Data items:
-*-*-
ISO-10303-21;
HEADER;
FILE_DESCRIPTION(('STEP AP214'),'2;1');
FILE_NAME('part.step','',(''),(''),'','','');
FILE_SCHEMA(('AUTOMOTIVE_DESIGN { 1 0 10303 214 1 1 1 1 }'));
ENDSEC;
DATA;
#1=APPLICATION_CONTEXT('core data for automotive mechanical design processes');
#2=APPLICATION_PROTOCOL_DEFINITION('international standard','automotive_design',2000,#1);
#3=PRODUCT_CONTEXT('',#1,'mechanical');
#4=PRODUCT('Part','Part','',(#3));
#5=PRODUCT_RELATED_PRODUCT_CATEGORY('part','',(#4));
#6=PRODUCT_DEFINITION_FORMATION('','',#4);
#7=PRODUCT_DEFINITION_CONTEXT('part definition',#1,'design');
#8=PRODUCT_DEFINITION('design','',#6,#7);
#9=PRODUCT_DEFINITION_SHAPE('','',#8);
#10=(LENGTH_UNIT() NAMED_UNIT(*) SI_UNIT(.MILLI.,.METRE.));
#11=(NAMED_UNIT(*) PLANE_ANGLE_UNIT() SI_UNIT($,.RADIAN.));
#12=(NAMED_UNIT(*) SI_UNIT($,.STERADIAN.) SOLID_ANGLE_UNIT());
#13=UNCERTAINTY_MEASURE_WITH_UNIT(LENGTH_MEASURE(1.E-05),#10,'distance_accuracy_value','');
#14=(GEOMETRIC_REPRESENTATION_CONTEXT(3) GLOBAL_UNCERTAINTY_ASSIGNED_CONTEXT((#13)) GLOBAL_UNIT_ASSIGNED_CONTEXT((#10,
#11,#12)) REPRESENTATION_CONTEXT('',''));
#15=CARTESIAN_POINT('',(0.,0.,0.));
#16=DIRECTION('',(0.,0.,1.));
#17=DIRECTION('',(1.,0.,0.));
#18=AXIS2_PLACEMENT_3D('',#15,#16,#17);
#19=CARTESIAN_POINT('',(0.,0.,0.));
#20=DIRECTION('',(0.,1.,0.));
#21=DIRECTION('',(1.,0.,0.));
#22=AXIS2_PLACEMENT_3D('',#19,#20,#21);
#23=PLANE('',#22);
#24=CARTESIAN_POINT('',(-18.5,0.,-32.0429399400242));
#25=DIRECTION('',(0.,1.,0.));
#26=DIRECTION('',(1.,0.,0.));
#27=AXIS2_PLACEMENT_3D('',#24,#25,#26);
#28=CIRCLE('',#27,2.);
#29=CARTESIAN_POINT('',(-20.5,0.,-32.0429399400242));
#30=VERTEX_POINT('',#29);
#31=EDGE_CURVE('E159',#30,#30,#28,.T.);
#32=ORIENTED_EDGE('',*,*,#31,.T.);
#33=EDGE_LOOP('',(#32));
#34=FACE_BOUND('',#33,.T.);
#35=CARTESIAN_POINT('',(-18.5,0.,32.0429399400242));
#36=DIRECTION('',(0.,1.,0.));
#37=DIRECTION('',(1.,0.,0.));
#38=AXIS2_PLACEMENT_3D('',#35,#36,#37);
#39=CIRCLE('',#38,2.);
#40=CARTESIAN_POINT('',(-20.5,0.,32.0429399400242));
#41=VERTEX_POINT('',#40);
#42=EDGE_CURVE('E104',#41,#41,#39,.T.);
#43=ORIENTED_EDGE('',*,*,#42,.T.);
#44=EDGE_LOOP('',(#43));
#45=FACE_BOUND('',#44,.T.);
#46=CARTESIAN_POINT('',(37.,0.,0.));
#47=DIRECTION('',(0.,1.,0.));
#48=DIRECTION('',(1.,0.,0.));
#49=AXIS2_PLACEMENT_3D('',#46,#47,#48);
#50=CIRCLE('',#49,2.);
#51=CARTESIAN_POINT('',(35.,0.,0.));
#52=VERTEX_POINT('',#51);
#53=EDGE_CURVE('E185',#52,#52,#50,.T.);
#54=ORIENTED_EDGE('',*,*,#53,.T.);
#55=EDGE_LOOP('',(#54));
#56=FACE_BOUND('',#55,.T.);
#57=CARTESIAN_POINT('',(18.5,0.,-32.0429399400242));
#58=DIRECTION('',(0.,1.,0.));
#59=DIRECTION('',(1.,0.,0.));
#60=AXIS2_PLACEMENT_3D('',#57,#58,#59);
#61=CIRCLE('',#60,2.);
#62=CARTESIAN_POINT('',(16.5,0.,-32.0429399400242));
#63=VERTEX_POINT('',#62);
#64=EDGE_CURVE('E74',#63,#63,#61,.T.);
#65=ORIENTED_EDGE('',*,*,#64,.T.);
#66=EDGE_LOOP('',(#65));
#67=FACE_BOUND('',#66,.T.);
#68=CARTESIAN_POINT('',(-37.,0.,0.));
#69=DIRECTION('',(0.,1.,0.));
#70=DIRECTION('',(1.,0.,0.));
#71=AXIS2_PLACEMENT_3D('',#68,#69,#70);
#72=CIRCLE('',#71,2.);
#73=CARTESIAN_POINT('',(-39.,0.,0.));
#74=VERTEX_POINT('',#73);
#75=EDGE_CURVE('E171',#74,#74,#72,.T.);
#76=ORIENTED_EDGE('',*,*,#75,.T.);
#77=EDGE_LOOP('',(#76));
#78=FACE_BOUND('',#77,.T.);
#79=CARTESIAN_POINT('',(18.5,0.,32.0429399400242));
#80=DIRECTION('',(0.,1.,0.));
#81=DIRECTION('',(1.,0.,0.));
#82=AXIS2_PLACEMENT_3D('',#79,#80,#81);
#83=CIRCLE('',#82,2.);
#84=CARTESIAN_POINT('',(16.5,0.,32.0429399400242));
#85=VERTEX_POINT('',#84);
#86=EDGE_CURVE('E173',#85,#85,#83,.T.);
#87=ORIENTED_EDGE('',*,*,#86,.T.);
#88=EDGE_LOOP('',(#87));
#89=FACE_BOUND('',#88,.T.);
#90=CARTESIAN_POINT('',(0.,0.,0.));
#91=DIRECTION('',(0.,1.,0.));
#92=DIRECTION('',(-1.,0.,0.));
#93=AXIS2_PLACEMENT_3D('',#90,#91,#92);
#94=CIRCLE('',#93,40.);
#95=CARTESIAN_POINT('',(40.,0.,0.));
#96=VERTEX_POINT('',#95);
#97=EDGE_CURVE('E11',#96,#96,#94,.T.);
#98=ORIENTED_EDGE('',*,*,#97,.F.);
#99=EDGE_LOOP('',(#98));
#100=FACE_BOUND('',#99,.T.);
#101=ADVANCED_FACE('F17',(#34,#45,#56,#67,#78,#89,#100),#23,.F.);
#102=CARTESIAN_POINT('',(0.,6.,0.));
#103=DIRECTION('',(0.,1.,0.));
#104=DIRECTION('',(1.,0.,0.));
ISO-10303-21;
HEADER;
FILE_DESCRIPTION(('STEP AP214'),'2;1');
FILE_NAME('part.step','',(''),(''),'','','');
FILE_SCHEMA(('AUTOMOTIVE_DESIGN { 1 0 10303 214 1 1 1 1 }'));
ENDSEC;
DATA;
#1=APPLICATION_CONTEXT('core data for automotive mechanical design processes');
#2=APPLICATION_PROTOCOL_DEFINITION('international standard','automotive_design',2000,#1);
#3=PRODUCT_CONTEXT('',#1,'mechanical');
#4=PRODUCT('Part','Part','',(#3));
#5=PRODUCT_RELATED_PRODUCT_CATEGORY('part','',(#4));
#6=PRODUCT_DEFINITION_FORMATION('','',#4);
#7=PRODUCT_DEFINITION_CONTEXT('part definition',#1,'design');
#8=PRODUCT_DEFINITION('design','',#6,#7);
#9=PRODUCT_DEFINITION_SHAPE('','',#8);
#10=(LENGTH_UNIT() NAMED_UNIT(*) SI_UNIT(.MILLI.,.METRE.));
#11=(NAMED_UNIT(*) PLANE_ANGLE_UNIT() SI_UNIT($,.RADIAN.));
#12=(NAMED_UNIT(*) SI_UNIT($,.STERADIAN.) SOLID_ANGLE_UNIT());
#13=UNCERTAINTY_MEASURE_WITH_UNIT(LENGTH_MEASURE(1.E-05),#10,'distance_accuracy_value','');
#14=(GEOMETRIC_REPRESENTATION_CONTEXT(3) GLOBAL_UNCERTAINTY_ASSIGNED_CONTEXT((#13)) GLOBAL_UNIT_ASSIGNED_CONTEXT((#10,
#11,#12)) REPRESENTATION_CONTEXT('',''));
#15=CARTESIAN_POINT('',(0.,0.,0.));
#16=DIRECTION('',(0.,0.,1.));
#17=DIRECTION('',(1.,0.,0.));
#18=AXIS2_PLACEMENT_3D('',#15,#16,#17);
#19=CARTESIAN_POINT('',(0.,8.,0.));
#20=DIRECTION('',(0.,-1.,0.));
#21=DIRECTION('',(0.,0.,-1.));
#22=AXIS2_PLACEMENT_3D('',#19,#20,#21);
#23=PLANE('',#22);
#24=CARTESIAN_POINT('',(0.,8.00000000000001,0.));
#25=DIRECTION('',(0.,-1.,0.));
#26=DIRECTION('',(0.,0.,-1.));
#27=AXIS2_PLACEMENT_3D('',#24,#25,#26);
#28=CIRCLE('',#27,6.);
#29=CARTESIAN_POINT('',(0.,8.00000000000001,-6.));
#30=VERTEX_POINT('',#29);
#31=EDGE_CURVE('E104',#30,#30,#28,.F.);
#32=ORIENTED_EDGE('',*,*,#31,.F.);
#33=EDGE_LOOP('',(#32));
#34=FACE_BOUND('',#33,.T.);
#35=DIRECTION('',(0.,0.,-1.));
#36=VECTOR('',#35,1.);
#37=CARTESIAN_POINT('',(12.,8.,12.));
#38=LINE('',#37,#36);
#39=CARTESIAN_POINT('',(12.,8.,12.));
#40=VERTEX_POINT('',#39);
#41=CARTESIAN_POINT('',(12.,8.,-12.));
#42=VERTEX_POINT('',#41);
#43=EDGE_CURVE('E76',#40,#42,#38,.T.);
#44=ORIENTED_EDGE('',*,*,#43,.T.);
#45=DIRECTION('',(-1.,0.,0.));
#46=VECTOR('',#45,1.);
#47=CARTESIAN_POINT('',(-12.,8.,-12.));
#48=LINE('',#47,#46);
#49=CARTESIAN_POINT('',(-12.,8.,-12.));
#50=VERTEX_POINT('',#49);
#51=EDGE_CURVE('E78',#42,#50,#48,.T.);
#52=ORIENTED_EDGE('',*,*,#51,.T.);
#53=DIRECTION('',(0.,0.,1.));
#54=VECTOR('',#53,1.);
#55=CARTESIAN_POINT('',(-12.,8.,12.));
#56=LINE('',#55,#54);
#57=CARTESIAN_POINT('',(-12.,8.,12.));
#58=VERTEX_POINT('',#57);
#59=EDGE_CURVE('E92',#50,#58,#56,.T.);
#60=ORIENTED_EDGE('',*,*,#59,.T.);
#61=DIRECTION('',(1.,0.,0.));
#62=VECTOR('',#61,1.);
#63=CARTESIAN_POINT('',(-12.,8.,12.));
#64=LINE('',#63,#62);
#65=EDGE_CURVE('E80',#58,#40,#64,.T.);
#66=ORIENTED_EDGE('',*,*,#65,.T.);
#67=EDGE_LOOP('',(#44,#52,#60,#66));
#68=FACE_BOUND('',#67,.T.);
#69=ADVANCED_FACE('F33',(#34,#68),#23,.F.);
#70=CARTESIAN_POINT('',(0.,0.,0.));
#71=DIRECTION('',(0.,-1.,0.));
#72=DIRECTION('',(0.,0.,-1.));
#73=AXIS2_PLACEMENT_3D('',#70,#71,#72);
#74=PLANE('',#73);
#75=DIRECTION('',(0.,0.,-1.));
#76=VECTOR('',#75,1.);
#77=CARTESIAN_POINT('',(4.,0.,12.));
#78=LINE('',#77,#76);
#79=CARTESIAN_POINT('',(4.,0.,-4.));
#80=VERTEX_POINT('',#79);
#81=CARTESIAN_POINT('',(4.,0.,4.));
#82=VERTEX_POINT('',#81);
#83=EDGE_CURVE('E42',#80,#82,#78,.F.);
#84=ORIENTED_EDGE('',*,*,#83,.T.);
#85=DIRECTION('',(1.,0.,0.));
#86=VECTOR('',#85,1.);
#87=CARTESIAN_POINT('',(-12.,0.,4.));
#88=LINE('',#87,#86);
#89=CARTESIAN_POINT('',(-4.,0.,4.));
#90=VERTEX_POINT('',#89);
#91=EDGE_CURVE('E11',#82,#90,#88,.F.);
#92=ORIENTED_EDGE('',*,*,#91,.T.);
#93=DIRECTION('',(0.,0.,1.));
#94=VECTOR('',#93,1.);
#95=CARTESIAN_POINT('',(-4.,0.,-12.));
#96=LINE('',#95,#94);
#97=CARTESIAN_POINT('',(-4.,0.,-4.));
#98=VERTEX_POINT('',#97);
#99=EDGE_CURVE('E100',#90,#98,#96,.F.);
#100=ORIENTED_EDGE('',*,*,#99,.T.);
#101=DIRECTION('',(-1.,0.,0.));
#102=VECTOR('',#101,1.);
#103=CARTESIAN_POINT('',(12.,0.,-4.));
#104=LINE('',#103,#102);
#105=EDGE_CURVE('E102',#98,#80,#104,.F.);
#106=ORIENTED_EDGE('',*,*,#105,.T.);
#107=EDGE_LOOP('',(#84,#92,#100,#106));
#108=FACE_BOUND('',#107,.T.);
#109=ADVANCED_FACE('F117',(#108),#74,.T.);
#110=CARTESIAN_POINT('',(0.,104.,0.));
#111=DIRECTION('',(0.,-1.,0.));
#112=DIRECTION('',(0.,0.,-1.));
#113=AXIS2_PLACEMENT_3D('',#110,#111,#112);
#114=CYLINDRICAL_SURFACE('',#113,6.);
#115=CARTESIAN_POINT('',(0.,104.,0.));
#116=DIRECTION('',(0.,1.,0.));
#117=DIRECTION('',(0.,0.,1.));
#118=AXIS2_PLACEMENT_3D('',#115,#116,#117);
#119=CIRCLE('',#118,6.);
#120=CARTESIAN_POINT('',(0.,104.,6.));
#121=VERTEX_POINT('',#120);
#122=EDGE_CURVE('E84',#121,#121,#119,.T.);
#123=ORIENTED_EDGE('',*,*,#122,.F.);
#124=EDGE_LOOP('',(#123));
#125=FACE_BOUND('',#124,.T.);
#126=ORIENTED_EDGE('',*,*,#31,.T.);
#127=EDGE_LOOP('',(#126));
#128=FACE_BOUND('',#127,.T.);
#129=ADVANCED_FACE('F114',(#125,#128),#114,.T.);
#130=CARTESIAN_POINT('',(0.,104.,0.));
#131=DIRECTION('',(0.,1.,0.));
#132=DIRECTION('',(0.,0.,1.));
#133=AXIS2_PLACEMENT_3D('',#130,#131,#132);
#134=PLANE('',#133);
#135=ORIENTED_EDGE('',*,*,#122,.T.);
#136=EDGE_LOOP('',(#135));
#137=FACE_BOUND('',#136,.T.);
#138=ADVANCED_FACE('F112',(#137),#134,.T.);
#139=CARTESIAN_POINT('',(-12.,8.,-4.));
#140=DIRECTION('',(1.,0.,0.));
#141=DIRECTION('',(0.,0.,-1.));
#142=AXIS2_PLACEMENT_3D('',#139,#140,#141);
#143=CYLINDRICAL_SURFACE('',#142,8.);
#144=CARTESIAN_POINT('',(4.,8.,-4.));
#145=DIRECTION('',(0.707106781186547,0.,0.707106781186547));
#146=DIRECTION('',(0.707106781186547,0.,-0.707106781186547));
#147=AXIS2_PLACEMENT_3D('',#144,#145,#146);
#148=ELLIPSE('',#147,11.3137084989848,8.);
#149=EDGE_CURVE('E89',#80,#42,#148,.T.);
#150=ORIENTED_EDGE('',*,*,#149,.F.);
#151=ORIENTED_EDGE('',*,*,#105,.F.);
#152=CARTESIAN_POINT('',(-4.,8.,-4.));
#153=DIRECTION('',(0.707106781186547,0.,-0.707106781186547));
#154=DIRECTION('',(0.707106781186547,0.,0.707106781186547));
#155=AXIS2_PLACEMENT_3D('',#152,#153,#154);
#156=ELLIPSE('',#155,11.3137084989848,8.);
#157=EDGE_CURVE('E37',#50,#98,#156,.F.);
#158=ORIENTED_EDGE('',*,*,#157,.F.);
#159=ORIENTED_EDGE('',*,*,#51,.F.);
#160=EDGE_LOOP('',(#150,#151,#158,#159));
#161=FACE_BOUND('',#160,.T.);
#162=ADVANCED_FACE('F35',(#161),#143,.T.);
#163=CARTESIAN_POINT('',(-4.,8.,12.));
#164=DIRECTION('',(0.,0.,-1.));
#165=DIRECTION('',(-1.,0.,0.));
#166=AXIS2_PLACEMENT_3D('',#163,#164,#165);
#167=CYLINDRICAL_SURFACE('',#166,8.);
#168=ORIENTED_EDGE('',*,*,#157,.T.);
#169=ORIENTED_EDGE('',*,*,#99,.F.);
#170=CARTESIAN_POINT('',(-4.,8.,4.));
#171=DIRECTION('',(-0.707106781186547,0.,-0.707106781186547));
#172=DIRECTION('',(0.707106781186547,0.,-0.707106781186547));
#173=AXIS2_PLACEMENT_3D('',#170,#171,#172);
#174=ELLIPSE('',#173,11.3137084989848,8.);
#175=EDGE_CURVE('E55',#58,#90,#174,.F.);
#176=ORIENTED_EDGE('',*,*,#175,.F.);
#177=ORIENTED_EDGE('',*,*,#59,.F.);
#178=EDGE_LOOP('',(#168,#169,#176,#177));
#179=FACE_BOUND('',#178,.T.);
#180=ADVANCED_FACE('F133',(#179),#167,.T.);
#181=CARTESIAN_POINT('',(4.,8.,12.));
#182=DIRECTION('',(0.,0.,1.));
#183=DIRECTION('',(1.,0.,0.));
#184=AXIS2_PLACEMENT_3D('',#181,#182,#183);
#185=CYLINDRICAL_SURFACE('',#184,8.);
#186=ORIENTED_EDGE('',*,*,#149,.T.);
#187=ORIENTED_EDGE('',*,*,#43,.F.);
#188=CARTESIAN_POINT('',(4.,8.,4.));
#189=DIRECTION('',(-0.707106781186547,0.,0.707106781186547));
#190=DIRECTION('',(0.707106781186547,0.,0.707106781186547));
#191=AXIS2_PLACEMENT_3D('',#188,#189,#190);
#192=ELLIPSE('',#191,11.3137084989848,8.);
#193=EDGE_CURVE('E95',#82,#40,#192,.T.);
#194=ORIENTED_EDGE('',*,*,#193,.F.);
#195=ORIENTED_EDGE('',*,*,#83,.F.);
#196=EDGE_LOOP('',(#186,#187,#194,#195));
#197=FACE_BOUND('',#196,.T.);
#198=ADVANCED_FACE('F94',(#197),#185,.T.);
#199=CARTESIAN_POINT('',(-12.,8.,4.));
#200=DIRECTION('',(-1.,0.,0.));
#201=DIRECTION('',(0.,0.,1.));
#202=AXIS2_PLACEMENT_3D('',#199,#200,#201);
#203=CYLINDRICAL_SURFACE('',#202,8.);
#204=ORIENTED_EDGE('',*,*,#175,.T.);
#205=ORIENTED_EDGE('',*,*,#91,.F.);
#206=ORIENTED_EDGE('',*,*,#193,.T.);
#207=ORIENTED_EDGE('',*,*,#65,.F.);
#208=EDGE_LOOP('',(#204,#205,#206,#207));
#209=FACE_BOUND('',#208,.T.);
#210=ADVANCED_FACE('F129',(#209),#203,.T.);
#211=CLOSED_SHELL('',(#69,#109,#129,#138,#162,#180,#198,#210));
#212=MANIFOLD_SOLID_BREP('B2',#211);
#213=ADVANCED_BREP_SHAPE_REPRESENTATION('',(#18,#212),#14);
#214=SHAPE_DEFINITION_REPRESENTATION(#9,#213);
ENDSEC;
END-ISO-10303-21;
-*-*-
-- What you are asked to do --
Give again exactly, and only, the lines above starting at the one with "#177=ORIENTED_EDGE('',*,*,#59,.F.);" and ending at the one with "#193=EDGE_CURVE('E95',#82,#40,#192,.T.);".

-- Exercise result --
#177=ORIENTED_EDGE('',*,*,#59,.F.);
#178=EDGE_LOOP('',(#168,#169,#176,#177));
#179=FACE_BOUND('',#178,.T.);
#180=ADVANCED_FACE('F133',(#179),#167,.T.);
#181=CARTESIAN_POINT('',(4.,8.,12.));
#182=DIRECTION('',(0.,0.,1.));
#183=DIRECTION('',(1.,0.,0.));
#184=AXIS2_PLACEMENT_3D('',#181,#182,#183);
#185=CYLINDRICAL_SURFACE('',#184,8.);
#186=ORIENTED_EDGE('',*,*,#149,.T.);
#187=ORIENTED_EDGE('',*,*,#43,.F.);
#188=CARTESIAN_POINT('',(4.,8.,4.));
#189=DIRECTION('',(-0.707106781186547,0.,0.707106781186547));
#190=DIRECTION('',(0.707106781186547,0.,0.707106781186547));
#191=AXIS2_PLACEMENT_3D('',#188,#189,#190);
#192=ELLIPSE('',#191,11.3137084989848,8.);
#193=EDGE_CURVE('E95',#82,#40,#192,.T.);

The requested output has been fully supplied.